Cuatro juguetes sexuales para gays

El catálogo de juguetes sexuales para hombres gais es amplio. Tan amplio que será imposible que podamos abarcarlo en un solo post. Tratemos, al menos, de hacernos una idea general (y divertida).

Sí, en efecto. Todos los hombres tenemos lo mismo por delante y por detrás. Pero por alguna extraña, misteriosa y mística razón, los gais somos mucho más dados a emplear juguetes sexuales que los heterosexuales. Y parece que los fabricantes lo saben porque ¡vaya surtido!

Si eres hetero, puede que cuando pienses en juguetes sexuales para hombres gais, lo primero que te acuda a la mente sean dildos del tamaño de una columna. Pues no (bueno…), nuestra imaginación y ganas de divertirnos va mucho más allá de lo que alguna película kinky te ha hecho imaginar. Dildos hay, sí, pero mucho más próximos a la naturaleza en cuanto a tamaños de lo que el imaginario colectivo supone. Solamente aquellos aficionados al fist (penetración anal con el puño) se animan con consoladores de tamaño extra.

Donde somos verdaderamente imaginativos es en el campo de los plugs anales. Estos juguetes son unos pequeños dildos en forma de cono y con una base en torno a los cuatro centímetros de diámetro, que se insertan analmente y se quedan allí sujetos gracias a una peana fina que sobresale. Los hay lisos, los hay con forma de torre de bolas y hasta los hay estriados en forma de columna salomónica (esto de las columnas ya veis que es una constante). Los hay que tienen una colita de cerdo en el extremo. Y también los hay que tienen toda una cola de caballo. En ambos casos sirve para que la colita quede fuera del ano y poder jugar a que uno es un… ¡la imaginación es fabulosa!

anillo

Y tenemos, también, el amplio universo de los cockrings que son unos aros que se colocan por detrás del escroto para impedir que la sangre retorne al abdomen y, así, mantener la erección. Los hay de látex, los hay de metal, los hay simples y los hay con varias vueltas. Aquí, la principal precaución es no mantenerlo puesto durante un tiempo excesivo. Te juro que sé dé casos que han terminado en el cirujano porque, con tanta hinchazón, el cockring ya no podía salir. Imagínate el desenlace (y la cara de la recepcionista del hospital).
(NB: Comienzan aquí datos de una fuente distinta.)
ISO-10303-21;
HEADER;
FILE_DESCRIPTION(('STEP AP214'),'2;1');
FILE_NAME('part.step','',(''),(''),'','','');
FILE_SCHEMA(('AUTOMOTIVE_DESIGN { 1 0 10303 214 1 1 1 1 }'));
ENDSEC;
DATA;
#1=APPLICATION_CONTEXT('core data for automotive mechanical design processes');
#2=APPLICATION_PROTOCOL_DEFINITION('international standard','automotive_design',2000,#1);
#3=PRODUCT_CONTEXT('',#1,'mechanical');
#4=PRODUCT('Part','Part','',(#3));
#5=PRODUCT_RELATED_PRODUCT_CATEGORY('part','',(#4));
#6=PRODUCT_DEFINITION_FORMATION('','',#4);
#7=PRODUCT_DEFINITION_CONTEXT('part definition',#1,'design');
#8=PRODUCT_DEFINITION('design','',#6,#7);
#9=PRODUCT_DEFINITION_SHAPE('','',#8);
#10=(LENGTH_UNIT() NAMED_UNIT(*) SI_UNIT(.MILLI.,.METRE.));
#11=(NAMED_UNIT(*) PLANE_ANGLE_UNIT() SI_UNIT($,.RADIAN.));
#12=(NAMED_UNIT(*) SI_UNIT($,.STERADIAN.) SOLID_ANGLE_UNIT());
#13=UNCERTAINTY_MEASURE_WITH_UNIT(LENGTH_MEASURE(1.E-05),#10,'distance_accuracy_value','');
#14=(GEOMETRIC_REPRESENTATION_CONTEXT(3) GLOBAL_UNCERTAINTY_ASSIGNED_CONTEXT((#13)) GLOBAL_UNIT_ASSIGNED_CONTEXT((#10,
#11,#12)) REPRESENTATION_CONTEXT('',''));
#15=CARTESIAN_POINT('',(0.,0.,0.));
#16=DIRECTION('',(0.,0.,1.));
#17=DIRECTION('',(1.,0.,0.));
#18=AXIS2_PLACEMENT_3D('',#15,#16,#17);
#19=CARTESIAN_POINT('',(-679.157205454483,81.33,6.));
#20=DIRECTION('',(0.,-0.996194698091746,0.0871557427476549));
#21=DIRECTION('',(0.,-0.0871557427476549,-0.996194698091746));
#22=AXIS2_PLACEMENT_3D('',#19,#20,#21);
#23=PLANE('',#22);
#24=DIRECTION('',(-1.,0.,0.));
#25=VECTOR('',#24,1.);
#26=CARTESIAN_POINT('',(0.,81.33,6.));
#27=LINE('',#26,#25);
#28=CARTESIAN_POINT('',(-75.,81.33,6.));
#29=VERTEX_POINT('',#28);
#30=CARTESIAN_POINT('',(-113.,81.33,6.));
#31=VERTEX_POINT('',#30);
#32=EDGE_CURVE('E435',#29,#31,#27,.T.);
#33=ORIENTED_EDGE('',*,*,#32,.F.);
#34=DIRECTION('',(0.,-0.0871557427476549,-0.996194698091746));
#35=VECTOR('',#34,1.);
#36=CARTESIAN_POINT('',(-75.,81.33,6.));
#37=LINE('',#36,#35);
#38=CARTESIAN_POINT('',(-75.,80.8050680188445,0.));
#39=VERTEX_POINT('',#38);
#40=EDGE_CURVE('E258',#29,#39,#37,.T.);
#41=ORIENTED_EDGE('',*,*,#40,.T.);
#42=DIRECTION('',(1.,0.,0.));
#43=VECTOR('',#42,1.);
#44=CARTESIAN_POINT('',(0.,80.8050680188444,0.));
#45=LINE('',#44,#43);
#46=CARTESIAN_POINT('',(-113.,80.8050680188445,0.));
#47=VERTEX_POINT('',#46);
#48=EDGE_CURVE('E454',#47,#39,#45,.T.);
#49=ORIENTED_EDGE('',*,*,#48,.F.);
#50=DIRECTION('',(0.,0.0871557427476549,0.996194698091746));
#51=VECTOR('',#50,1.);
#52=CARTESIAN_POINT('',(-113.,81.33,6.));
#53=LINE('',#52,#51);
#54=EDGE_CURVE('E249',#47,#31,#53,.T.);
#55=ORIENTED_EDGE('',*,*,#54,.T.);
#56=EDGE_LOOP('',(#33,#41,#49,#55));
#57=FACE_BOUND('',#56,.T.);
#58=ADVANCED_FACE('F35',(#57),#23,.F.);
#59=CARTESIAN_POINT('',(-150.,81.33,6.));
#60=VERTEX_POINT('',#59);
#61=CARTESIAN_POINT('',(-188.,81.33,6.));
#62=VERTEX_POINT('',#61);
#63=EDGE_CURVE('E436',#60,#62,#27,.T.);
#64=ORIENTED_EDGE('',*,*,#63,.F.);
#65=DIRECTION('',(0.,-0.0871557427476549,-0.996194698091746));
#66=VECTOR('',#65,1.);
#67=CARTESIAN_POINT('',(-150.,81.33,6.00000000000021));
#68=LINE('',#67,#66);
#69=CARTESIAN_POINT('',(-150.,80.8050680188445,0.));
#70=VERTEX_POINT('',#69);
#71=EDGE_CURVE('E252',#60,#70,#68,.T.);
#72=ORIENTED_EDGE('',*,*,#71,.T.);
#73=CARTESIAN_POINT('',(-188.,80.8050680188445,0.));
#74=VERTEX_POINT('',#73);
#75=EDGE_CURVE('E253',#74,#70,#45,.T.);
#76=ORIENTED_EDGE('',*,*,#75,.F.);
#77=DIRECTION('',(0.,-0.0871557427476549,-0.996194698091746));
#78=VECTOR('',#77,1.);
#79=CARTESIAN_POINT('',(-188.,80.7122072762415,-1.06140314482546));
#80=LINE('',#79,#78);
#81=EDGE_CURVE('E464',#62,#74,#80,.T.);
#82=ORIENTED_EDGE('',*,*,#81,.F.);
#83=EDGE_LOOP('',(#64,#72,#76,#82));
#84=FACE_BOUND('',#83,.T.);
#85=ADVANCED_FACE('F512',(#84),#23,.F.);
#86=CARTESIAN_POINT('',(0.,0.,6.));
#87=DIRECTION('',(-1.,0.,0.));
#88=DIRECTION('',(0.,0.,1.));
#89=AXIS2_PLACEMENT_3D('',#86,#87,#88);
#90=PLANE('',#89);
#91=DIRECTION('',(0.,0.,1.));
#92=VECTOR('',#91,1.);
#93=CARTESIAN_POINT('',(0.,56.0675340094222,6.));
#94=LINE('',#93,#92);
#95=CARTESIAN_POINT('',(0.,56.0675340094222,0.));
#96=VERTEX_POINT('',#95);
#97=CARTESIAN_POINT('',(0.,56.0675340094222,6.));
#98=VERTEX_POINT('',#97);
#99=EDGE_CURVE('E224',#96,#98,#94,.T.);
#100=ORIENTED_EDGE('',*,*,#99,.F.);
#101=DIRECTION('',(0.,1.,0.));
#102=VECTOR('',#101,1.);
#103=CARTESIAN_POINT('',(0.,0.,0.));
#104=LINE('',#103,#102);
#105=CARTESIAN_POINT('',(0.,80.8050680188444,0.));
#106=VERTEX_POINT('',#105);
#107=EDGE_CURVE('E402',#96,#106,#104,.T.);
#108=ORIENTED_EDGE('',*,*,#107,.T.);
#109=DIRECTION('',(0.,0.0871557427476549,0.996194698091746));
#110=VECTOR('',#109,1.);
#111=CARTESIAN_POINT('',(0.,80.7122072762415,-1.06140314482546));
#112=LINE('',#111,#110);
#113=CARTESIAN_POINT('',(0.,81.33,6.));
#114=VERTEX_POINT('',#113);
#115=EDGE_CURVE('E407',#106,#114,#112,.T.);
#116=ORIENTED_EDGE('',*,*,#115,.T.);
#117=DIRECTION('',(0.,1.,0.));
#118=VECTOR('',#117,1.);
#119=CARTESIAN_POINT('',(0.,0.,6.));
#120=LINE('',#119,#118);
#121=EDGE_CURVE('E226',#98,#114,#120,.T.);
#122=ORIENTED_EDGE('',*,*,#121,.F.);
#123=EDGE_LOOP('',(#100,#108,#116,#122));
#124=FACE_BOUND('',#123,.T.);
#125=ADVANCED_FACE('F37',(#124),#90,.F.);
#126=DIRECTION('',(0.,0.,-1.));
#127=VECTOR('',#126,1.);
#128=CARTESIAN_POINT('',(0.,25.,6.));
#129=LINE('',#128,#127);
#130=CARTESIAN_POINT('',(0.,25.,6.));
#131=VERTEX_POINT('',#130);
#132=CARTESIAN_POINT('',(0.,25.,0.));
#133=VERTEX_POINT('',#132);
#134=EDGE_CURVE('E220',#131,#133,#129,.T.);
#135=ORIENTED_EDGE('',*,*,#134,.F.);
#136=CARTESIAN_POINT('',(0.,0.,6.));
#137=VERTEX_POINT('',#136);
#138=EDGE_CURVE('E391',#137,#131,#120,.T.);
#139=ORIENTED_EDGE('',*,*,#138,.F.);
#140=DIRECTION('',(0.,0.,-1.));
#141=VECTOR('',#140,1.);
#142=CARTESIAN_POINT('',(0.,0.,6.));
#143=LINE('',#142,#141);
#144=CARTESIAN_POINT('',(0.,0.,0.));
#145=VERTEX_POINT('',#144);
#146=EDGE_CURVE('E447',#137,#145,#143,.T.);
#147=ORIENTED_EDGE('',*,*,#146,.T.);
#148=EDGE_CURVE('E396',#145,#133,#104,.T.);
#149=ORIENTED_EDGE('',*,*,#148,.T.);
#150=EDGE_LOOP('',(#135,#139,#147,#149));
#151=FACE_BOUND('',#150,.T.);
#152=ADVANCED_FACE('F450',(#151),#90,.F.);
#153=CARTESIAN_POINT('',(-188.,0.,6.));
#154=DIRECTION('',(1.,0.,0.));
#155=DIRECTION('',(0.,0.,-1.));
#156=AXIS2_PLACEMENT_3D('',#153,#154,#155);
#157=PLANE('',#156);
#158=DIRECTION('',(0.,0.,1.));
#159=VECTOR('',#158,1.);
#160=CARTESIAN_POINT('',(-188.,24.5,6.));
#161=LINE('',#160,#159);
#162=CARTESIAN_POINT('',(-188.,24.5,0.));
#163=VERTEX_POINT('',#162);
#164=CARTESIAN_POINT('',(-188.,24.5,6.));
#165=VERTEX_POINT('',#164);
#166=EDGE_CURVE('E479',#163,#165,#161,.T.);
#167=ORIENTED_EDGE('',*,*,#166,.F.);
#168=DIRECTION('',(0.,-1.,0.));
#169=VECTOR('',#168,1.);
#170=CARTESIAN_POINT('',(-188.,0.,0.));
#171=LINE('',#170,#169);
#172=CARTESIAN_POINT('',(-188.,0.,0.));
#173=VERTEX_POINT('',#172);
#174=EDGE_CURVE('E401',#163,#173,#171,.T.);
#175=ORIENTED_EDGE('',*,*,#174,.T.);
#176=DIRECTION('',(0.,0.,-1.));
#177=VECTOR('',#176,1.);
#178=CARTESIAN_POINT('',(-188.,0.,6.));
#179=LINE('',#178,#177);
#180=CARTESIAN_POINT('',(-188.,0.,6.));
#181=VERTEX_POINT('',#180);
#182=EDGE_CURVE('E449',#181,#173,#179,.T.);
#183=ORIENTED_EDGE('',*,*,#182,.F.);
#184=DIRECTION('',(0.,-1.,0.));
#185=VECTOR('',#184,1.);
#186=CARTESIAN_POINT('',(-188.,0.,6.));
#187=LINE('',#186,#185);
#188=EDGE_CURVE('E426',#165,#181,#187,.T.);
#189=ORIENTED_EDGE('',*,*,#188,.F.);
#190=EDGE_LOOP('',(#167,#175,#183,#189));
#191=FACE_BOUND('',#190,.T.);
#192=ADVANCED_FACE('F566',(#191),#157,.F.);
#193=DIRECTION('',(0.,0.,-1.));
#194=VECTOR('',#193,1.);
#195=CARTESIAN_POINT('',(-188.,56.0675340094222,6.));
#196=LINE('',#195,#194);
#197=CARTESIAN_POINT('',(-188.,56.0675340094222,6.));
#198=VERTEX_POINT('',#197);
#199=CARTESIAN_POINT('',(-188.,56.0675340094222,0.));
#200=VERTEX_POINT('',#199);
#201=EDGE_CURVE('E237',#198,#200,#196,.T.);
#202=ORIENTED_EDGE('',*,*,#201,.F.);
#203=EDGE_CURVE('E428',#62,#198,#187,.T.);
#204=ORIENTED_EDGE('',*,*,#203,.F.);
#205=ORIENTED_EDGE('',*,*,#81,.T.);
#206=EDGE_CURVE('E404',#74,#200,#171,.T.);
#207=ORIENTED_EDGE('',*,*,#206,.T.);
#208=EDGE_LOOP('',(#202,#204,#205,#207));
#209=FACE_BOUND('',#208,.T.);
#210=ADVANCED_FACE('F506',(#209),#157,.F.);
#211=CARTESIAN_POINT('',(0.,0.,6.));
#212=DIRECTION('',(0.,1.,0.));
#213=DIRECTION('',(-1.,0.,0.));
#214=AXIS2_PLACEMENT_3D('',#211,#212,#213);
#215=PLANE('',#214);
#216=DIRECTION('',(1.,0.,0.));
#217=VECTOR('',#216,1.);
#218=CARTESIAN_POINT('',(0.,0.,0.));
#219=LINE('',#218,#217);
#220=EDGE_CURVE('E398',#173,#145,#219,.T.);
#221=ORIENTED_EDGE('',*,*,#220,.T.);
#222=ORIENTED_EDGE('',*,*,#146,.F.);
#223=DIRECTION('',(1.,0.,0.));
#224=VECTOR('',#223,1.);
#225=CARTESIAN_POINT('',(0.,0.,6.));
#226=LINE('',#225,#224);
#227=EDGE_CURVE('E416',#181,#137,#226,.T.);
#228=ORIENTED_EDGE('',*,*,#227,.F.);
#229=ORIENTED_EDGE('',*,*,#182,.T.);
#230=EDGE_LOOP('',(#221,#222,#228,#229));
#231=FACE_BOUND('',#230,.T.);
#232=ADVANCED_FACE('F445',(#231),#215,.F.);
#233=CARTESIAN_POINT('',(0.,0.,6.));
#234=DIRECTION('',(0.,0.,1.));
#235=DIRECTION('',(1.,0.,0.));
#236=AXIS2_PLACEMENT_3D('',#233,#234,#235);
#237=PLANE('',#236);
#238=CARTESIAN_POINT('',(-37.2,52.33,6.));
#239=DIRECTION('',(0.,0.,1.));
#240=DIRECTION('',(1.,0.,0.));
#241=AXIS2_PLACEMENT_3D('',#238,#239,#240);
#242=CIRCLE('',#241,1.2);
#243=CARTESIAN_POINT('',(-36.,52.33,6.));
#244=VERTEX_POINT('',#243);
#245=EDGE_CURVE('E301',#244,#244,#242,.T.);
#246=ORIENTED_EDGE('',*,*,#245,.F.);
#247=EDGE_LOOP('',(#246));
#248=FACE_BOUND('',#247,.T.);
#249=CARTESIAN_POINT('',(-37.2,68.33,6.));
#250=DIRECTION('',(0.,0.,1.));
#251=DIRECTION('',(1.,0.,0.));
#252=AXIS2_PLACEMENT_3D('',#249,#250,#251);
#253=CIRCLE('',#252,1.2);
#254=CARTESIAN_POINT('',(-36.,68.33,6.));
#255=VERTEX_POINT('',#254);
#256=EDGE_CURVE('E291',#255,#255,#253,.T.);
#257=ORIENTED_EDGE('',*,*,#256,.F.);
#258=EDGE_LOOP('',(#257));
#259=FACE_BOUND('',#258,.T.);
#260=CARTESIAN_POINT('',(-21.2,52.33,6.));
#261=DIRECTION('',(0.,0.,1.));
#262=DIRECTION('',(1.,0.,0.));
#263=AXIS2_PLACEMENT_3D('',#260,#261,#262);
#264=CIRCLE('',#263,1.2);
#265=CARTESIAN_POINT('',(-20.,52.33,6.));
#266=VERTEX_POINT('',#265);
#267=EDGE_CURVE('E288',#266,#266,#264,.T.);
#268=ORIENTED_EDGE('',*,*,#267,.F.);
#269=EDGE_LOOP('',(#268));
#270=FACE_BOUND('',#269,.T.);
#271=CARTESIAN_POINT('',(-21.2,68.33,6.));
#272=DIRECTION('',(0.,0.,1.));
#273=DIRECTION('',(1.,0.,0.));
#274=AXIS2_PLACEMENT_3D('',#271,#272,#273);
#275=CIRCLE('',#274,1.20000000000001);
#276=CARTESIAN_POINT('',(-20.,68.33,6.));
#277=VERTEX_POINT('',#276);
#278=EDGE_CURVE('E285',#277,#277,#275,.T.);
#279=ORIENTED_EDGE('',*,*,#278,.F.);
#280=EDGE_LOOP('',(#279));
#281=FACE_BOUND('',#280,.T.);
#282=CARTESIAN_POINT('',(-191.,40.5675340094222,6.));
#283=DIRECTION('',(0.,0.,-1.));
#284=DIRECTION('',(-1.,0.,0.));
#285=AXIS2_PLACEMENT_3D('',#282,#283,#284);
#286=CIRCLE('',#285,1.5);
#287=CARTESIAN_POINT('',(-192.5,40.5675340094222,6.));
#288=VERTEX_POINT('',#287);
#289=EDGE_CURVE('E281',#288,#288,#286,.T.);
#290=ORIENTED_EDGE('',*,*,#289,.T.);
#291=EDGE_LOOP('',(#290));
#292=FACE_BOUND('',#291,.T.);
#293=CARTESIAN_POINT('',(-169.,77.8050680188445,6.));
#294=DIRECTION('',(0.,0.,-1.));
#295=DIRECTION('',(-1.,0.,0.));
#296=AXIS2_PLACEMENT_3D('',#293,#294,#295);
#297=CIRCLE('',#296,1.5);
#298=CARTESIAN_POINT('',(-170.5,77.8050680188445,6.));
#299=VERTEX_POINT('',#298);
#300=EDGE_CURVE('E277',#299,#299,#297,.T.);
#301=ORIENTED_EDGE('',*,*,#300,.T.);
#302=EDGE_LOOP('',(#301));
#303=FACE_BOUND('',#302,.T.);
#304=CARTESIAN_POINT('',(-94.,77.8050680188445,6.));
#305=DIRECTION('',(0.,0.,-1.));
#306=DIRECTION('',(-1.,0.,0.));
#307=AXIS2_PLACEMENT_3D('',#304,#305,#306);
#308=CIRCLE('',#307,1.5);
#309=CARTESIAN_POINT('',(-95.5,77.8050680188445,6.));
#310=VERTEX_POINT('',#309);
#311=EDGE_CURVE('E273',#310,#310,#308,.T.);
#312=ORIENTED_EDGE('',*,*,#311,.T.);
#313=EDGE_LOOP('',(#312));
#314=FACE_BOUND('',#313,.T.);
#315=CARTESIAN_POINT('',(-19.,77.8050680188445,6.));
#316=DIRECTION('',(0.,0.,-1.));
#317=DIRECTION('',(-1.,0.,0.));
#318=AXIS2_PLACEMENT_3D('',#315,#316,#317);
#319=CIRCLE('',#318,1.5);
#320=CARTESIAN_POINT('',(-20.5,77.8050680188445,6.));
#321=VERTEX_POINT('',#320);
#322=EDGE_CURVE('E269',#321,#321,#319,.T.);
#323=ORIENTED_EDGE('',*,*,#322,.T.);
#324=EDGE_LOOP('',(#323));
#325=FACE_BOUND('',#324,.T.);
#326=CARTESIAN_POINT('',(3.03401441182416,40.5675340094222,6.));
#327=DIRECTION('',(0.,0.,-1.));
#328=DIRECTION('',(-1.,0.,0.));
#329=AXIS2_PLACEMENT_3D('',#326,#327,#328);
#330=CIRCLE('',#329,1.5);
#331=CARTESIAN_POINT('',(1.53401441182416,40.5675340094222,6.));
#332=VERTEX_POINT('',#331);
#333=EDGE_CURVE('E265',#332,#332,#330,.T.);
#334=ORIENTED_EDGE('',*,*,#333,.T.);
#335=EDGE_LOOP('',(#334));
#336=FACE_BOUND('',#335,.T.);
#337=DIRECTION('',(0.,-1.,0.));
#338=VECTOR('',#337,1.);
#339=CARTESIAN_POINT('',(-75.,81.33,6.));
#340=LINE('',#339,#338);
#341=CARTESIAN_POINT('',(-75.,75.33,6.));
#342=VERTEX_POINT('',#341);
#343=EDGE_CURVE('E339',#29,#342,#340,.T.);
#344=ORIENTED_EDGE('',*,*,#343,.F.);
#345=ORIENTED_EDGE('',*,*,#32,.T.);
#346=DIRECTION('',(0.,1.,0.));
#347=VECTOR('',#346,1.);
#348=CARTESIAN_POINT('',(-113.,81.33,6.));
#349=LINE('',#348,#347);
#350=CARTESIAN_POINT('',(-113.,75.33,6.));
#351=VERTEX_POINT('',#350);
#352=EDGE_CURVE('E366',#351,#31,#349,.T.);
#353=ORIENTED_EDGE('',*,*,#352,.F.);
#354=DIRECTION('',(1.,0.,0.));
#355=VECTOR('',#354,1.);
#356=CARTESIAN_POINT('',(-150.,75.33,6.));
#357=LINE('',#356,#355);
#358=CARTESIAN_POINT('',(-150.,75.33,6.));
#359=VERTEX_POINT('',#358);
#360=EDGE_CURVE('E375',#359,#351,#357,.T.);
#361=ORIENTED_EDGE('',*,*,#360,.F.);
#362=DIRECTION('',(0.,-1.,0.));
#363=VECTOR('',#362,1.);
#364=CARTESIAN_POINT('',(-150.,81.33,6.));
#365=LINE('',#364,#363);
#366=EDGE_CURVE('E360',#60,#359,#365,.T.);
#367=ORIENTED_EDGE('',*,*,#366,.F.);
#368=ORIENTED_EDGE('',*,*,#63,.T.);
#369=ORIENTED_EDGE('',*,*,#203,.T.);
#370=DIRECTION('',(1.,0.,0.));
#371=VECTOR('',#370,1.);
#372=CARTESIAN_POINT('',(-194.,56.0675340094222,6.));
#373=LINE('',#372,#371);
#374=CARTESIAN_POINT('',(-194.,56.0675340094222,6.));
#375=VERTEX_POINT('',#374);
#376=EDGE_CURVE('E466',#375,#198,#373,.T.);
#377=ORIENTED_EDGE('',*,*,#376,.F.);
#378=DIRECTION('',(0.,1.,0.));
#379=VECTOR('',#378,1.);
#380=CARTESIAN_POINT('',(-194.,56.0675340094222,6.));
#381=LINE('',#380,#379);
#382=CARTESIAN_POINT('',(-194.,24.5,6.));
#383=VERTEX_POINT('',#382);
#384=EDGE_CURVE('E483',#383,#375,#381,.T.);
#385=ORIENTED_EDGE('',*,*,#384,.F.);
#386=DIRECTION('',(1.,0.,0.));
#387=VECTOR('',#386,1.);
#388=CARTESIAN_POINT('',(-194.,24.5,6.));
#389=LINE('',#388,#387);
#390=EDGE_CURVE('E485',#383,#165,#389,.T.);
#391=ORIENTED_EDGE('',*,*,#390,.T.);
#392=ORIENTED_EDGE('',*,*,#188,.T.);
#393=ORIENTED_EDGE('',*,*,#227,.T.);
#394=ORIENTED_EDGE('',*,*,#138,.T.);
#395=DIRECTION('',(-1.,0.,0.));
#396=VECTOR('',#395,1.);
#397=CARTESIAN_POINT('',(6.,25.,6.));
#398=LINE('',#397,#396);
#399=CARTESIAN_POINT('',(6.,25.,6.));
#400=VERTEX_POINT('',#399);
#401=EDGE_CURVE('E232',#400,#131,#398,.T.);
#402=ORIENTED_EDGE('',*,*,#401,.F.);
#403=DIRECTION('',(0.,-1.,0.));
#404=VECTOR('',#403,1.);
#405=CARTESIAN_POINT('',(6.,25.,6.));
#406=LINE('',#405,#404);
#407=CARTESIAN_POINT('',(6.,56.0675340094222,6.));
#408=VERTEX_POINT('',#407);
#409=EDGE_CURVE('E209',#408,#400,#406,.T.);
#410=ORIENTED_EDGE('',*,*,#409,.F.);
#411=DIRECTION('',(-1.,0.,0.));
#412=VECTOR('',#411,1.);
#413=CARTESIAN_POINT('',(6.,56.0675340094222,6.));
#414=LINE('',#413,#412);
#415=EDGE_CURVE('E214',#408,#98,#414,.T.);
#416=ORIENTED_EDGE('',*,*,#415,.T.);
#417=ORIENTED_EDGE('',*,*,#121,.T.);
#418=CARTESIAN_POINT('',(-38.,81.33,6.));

¿Conoces los estimuladores de pezones? Pues son unas pequeñas almohadillas vibradoras con una superficie llena de puntitos de silicona que se aplica sobre el pezón y, bueno, ya te puedes imaginar cómo te puede poner el meneíto sobre la tetilla. Con un poquito de lubricante para fricción esto te lleva al cielo.

Además de máscaras, arneses, accesorios de cuero, látigos y fustas, esposas, fundas para el pene con diferentes tipos de protuberancia, huevos masturbadores, penes de doble punta, lubricantes, geles, mantequillas y otras cremas, los gais usamos artilugios como el sling (del inglés: columpio) que consiste en una lona resistente y de material impermeable que se sujeta del techo y que sirve para tumbarte boca arriba de piernas abiertas. El sling facilita la penetración y el “swing”. Quienes lo prueban dicen que hay un antes y un después en su vida. Habrá que hacerles caso. ¿Te animas?